Source records:

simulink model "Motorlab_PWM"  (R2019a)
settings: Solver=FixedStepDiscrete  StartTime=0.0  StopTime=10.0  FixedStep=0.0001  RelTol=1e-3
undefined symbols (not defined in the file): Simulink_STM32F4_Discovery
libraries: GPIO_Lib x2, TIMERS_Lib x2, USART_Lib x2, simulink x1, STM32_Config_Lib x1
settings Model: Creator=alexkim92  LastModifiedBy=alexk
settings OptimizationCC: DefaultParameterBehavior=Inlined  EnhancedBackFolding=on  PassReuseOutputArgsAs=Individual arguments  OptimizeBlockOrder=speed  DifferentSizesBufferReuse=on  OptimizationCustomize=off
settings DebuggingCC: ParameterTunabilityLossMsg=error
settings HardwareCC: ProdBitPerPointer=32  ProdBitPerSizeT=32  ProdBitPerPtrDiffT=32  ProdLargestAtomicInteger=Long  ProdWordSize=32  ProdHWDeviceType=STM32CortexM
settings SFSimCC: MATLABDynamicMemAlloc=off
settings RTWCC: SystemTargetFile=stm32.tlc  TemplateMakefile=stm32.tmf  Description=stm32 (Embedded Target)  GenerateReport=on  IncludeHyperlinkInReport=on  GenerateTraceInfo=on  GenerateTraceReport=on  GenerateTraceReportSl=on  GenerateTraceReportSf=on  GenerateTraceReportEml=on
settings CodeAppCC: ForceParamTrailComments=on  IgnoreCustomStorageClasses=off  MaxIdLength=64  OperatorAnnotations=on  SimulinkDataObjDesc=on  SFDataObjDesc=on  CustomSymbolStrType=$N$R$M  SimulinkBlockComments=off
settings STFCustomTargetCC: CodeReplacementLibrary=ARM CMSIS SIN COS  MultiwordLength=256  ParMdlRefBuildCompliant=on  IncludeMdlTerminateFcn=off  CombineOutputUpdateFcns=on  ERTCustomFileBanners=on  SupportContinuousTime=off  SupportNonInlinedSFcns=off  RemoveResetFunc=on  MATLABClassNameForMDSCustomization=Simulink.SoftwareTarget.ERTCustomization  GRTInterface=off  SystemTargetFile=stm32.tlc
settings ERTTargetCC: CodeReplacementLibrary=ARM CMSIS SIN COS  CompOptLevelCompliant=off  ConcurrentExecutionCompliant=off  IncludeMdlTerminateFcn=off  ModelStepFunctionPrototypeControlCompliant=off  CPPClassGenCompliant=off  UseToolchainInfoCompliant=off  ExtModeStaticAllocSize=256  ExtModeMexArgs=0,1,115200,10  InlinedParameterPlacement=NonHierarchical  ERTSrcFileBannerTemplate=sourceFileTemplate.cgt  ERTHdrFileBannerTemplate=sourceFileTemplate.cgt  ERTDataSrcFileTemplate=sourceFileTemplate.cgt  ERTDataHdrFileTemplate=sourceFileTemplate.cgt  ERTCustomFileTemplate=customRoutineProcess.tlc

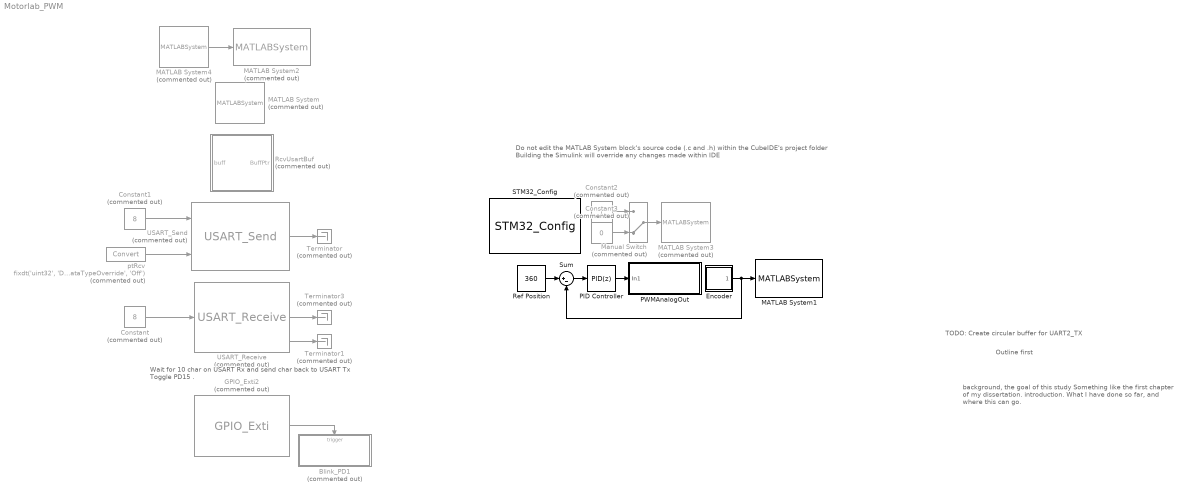
== system Motorlab_PWM ==
  note: Outline first
  note: background, the goal of this study
      | Something like the first chapter of my dissertation. introduction.
      | What I have done so far, and where this can go.
  note: TODO: Create circular buffer for UART2_TX
  note: Do not edit the MATLAB System block's source code (.c and .h) within the CubeIDE's project folder
      | Building the Simulink will override any changes made within IDE
  note: Wait for 10 char on USART Rx and send char back to USART Tx
      | Toggle PD15 .
  Blink_PD1 : Subsystem  Commented=on  TreatAsAtomicUnit=on
  Constant : Constant  Commented=on  Value=8
  Constant1 : Constant  Commented=on  Value=8
  Constant2 : Constant  Commented=on  SampleTime=-1
  Constant3 : Constant  Commented=on  Value=0  SampleTime=-1
  Encoder : Subsystem
  GPIO_Exti2 : GPIO_Lib/GPIO_Exti  Commented=on  Port_name=GPIOA  Pin_0=on  Pin_1=off  Pin_2=off  Pin_3=off  Pin_4=off  Pin_5=off  Pin_6=off  Pin_7=off  Pin_8=off  Pin_9=off  Pin_10=off  Pin_11=off  Pin_12=off  Pin_13=off  Pin_14=off  Pin_15=off  PinList=GPIOA0
      settings: SourceProductName=Target Support Package - STM32 Adapter
  MATLAB System : MATLABSystem  Commented=on  System=Encoder  SampleTime=-1
      mask Type: Encoder
      mask Display:
      | disp('Encoder');
      | port_label('output',1,'y');
  MATLAB System1 : MATLABSystem  Priority=16  System=UART2_TX
      mask Type: UART2_TX
      mask Display:
      | disp('UART2_TX');
      | port_label('input',1,'u');
  MATLAB System2 : MATLABSystem  Commented=on  System=PWMAnalogOut
      mask Type: PWMAnalogOut
      mask Display:
      | disp('PWM Analog Out');
      | port_label('input',1,'u');
  MATLAB System3 : MATLABSystem  Priority=-1  Commented=on  System=DigitalOut
      mask Type: DigitalOut
      mask Display:
      | disp('DigitalOut');
      | port_label('input',1,'u');
  MATLAB System4 : MATLABSystem  Commented=on  System=PIDController  P=0.1  I=0.0  D=0.0  IntegralLim=1.0  DT=0.001  OutLim=3.0
      mask Type: PIDController
      mask Display:
      | disp('PID');
      | port_label('input',1,'u');
      | port_label('output',1,'y');
  Manual Switch : ManualSwitch  Commented=on  CurrentSetting=0
  PID Controller : simulink/Continuous/PID Controller  Controller=PID  Form=Parallel  TimeDomain=Discrete-time  SampleTime=-1  IntegratorMethod=Forward Euler  FilterMethod=Forward Euler  ControllerParametersSource=internal  P=0.1  I=0  D=0.001  UseFilter=on  N=100  TunerSelectOption=Transfer Function Based (PID Tuner App)  InitialConditionSource=internal  InitialConditionForIntegrator=0  InitialConditionForFilter=0  DifferentiatorICPrevScaledInput=0  ExternalReset=none  TrackingMode=off  Kt=1  LimitOutput=off  UpperSaturationLimit=inf  LowerSaturationLimit=-inf  LinearizeAsGain=on  AntiWindupMode=none  Kb=1  PGainOutDataTypeStr=double  PProdOutDataTypeStr=double  POutMin=[]  POutMax=[]  IOutMin=[]  IOutMax=[]  DGainOutDataTypeStr=double  DProdOutDataTypeStr=double  DOutMin=[]  DOutMax=[]  NGainOutDataTypeStr=double  NProdOutDataTypeStr=double  NOutMin=[]  NOutMax=[]  SumOutDataTypeStr=double  SumOutMin=[]  SumOutMax=[]  SaturationOutMin=[]  SaturationOutMax=[]  PParamMin=[]  PParamMax=[]  IParamMin=[]  IParamMax=[]  DParamMin=[]  DParamMax=[]  NParamMin=[]  NParamMax=[]  KbParamMin=[]  KbParamMax=[]  KtParamMin=[]  KtParamMax=[]  KbOutMin=[]  KbOutMax=[]  KtOutMin=[]  KtOutMax=[]  IntegratorOutMin=[]  IntegratorOutMax=[]  FilterOutMin=[]  FilterOutMax=[]  SumI1OutMin=[]  SumI1OutMax=[]  SumI2OutMin=[]  SumI2OutMax=[]  SumI3OutMin=[]  SumI3OutMax=[]  SumI4OutMin=[]  SumI4OutMax=[]  SumDOutMin=[]  SumDOutMax=[]  DifferentiatorOutMin=[]  DifferentiatorOutMax=[]  FilterDiffOutCoefMin=[]  FilterDiffOutCoefMax=[]  ReciprocalOutMin=[]  ReciprocalOutMax=[]  SumDenOutMin=[]  SumDenOutMax=[]  SumNumOutMin=[]  SumNumOutMax=[]  DivideOutMin=[]  DivideOutMax=[]  IntegratorContinuousStateAttributes=''  IntegratorStateMustResolveToSignalObject=off  IntegratorRTWStateStorageClass=Auto  FilterContinuousStateAttributes=''  FilterStateMustResolveToSignalObject=off  FilterRTWStateStorageClass=Auto  ParallelPVariant=InternalParameters  IdealPVariant=Disabled  IVariant=InternalParameters  DVariant=InternalParameters  IntegratorVariant=Discrete  SatVariant=Disabled  AWVariant=Passthrough  PCopyVariant=Disabled  TRVariant=Disabled  FdbkBlocksVariant=Forward  IdealPFdbkVariant=Disabled  SatFdbkVariant=Disabled  DerivativeFilterVariant=ForwardEulerFilter  NVariant=InternalParameters  NCopyVariant=Disabled  FilterICVariant=InternalICsFilter  IntegratorICVariant=InternalICs  ExternalResetVariant=Disabled  TRSumVariant=Passthrough  SumFdbkVariant=Disabled  SumVariant=Sum_PID
  PWMAnalogOut : Subsystem
  RcvUsartBuf : MATLAB Function  Commented=on  TreatAsAtomicUnit=on
  Ref Position : Constant  Value=360  SampleTime=-1
  STM32_Config : STM32_Config_Lib/STM32_Config  Priority=0  Project_Path=.\..\Simulink_STM32F4_Discovery\  Config_File=Simulink_STM32F4_Discovery.ioc  MCU_Name=STM32F407VGTx
      settings: SourceProductName=Target Support Package - STM32 Adapter
  Sum : Sum  Inputs=|+-
  Terminator : Terminator  Commented=on
  Terminator1 : Terminator  Commented=on
  Terminator3 : Terminator  Commented=on
  USART_Receive : USART_Lib/USART_Receive  Commented=on  USART_name=USART2  Buff_size=32  nbUsart=1  Soft_it=on  Soft_num=0  usartMode=Asynchronous  usartDma_Rx=off  usartDma_Tx=on  usartIt=on
      settings: SourceProductName=Target Support Package - STM32 Adapter
  USART_Send : USART_Lib/USART_Send  Commented=on  USART_name=USART2  Buff_size=32  nbUsart=1  usartMode=Asynchronous  usartDma_Rx=off  usartDma_Tx=on  usartIt=on
      settings: SourceProductName=Target Support Package - STM32 Adapter
  ptRcv : DataTypeConversion  Commented=on  OutDataTypeStr=fixdt('uint32', 'DataTypeOverride', 'Off')
  wires:
  USART_Send/1 -> Terminator/1
  GPIO_Exti2/1 -> Blink_PD1/Trigger
  Constant/1 -> USART_Receive/1
  USART_Receive/3 -> Terminator1/1
  USART_Receive/2 -> Terminator3/1
  Constant1/1 -> USART_Send/1
  ptRcv/1 -> USART_Send/2
  Constant2/1 -> Manual Switch/1
  Constant3/1 -> Manual Switch/2
  Ref Position/1 -> Sum/1
  MATLAB System4/1 -> MATLAB System2/1
  Sum/1 -> PID Controller/1
  PID Controller/1 -> PWMAnalogOut/1(In1)
  Encoder/1(Out1) -> Sum/2, MATLAB System1/1
  Manual Switch/1 -> MATLAB System3/1

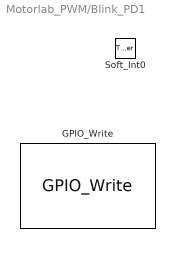
== system Motorlab_PWM/Blink_PD1 ==
  Soft_Int0 : TriggerPort  TriggerType=function-call  VariantControl=Variant
  GPIO_Write : GPIO_Lib/GPIO_Write  Port_name=GPIOD  Pin0=off  Toggle_Pin0=off  Pin1=off  Toggle_Pin1=off  Pin2=off  Toggle_Pin2=off  Pin3=off  Toggle_Pin3=off  Pin4=off  Toggle_Pin4=off  Pin5=off  Toggle_Pin5=off  Pin6=off  Toggle_Pin6=off  Pin7=off  Toggle_Pin7=off  Pin8=off  Toggle_Pin8=off  Pin9=off  Toggle_Pin9=off  Pin10=off  Toggle_Pin10=off  Pin11=off  Toggle_Pin11=off  Pin12=on  Toggle_Pin12=on  Pin13=on  Toggle_Pin13=on  Pin14=on  Toggle_Pin14=on  Pin15=on  Toggle_Pin15=on  PinList="GPIOB11GPIOC0GPIOD12  13  14  15"
      settings: SourceProductName=Target Support Package - STM32 Adapter

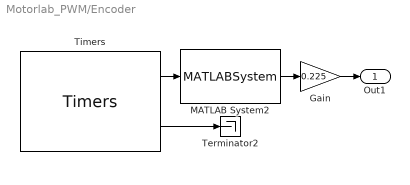
== system Motorlab_PWM/Encoder ==
  Gain : Gain  Gain=0.225  OutDataTypeStr=double
  MATLAB System2 : MATLABSystem  System=Count2Angle
      mask Type: Count2Angle
      mask Display:
      | disp('Count2Angle');
      | port_label('input',1,'u');
      | port_label('output',1,'y');
  Terminator2 : Terminator
  Timers : TIMERS_Lib/Timers  currentTIM=TIM1  TIM_Name=TIM1  sysUsingTimer=on  TIM_APBClock=168000000  TIM_Set_Clk=off  TIM_Prescaler=0  TIM_Clock=168000000.00  Variable_frequency=off  TIM_Set_OutFreq=off  TIM_ARR=65536  Output_frequency=2563.48  Repetition_counter=0  TIM_Mode=Up  TIM_DMA=none  TIM_IRQ=off  TIM_IRQ_ONLY=off  TIM_UP=off  TIM_TRG=off  TIM_COM=off  TIM_BRK=off  NbTIM=2  CH1_enable=on  CH1N_enable=off  CH1_type=Input_Encoder  CH1_DMA=off  CH1_int=off  CH1_edge=Rising  CH1_div=1  CH1_variable_duty=off  CH1_set_pulse=off  CH1_output_duty=0.00  CH1_pulse=0  CH2_enable=on  CH2N_enable=off  CH2_type=Input_Encoder  CH2_DMA=off  CH2_int=off  CH2_edge=Rising  CH2_div=1  CH2_variable_duty=off  CH2_set_pulse=off  CH2_output_duty=0.00  CH2_pulse=0  CH3_enable=off  CH3N_enable=off  CH3_type=Unknown  CH3_DMA=off  CH3_int=off  CH3_edge=Rising  CH3_div=1  CH3_variable_duty=off  CH3_set_pulse=off  CH3_output_duty=0.00  CH3_pulse=0  CH4_enable=off  CH4N_enable=off  CH4_type=Unknown  CH4_DMA=off  CH4_int=off  CH4_edge=Rising  CH4_div=1  CH4_variable_duty=off  CH4_set_pulse=off  CH4_output_duty=0.00  CH4_pulse=0
      settings: SourceProductName=Target Support Package - STM32 Adapter
  Out1 : Outport
  wires:
  MATLAB System2/1 -> Gain/1
  Gain/1 -> Out1/1
  Timers/1 -> MATLAB System2/1
  Timers/2 -> Terminator2/1

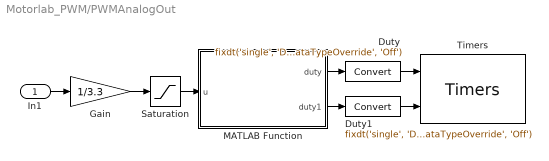
== system Motorlab_PWM/PWMAnalogOut ==
  In1 : Inport
  Duty : DataTypeConversion  OutDataTypeStr=fixdt('single', 'DataTypeOverride', 'Off')
  Duty1 : DataTypeConversion  OutDataTypeStr=fixdt('single', 'DataTypeOverride', 'Off')
  Gain : Gain  Gain=1/3.3
  MATLAB Function : MATLAB Function  TreatAsAtomicUnit=on
  Saturation : Saturate  UpperLimit=1  LowerLimit=-1
  Timers : TIMERS_Lib/Timers  currentTIM=TIM3  TIM_Name=TIM3  sysUsingTimer=on  TIM_APBClock=84000000  TIM_Set_Clk=off  TIM_Prescaler=2  TIM_Clock=28000000.00  Variable_frequency=off  TIM_Set_OutFreq=off  TIM_ARR=140  Output_frequency=200000.00  Repetition_counter=0  TIM_Mode=Up  TIM_DMA=none  TIM_IRQ=off  TIM_IRQ_ONLY=off  TIM_UP=off  TIM_TRG=off  TIM_COM=off  TIM_BRK=off  NbTIM=2  CH1_enable=on  CH1N_enable=off  CH1_type=Output_PWM  CH1_DMA=off  CH1_int=off  CH1_edge=Rising  CH1_div=1  CH1_variable_duty=on  CH1_set_pulse=off  CH1_output_duty=0.00  CH1_pulse=0  CH2_enable=on  CH2N_enable=off  CH2_type=Output_PWM  CH2_DMA=off  CH2_int=off  CH2_edge=Rising  CH2_div=1  CH2_variable_duty=on  CH2_set_pulse=off  CH2_output_duty=0.00  CH2_pulse=0  CH3_enable=off  CH3N_enable=off  CH3_type=Unknown  CH3_DMA=off  CH3_int=off  CH3_edge=Rising  CH3_div=1  CH3_variable_duty=off  CH3_set_pulse=off  CH3_output_duty=0.00  CH3_pulse=0  CH4_enable=off  CH4N_enable=off  CH4_type=Unknown  CH4_DMA=off  CH4_int=off  CH4_edge=Rising  CH4_div=1  CH4_variable_duty=off  CH4_set_pulse=off  CH4_output_duty=0.00  CH4_pulse=0
      settings: SourceProductName=Target Support Package - STM32 Adapter
  wires:
  In1/1 -> Gain/1
  Saturation/1 -> MATLAB Function/1(u)
  Gain/1 -> Saturation/1
  Duty1/1 -> Timers/2
  MATLAB Function/1(duty) -> Duty/1
  MATLAB Function/2(duty1) -> Duty1/1
  Duty/1 -> Timers/1

== matlab function Motorlab_PWM/PWMAnalogOut/MATLAB Function ==
  data: u input; duty output; duty1 output
function [duty, duty1] = dutyCycle(u)

duty  = double(u);
duty1 = duty;
% duty = ((duty+1)/2)*double(100); %Add 1 to go from -1;1 to 0;2 so /2 and must give percentage
% duty1 = ((duty1+1)/2)*double(100); %Add 1 to go from -1;1 to 0;2 so /2 and must give percentage
if (duty < 0)
    duty  = double(0);
    duty1 = -double(u)*100;
else
    duty  = double(u)*100;
    duty1 = double(0);
end
end

== matlab function Motorlab_PWM/RcvUsartBuf ==
  data: BuffPtr output uint32 size=1; buff input
function BuffPtr = convert(buff)
if coder.target('Sfun')
    % Executing in MATLAB, Buff is null
    BuffPtr = uint32(0);
    %NbChar = uint16(0);
else
    coder.cinclude('getBuffPtr.h');
    % Executing in the generated code.
    BuffPtr = coder.ceval('getBuffPtr',coder.rref(buff));
end
end

# [Task directions]
Go through the entries above and report each line with the string "single" in it.

# [Answer box]
  Duty : DataTypeConversion  OutDataTypeStr=fixdt('single', 'DataTypeOverride', 'Off')
  Duty1 : DataTypeConversion  OutDataTypeStr=fixdt('single', 'DataTypeOverride', 'Off')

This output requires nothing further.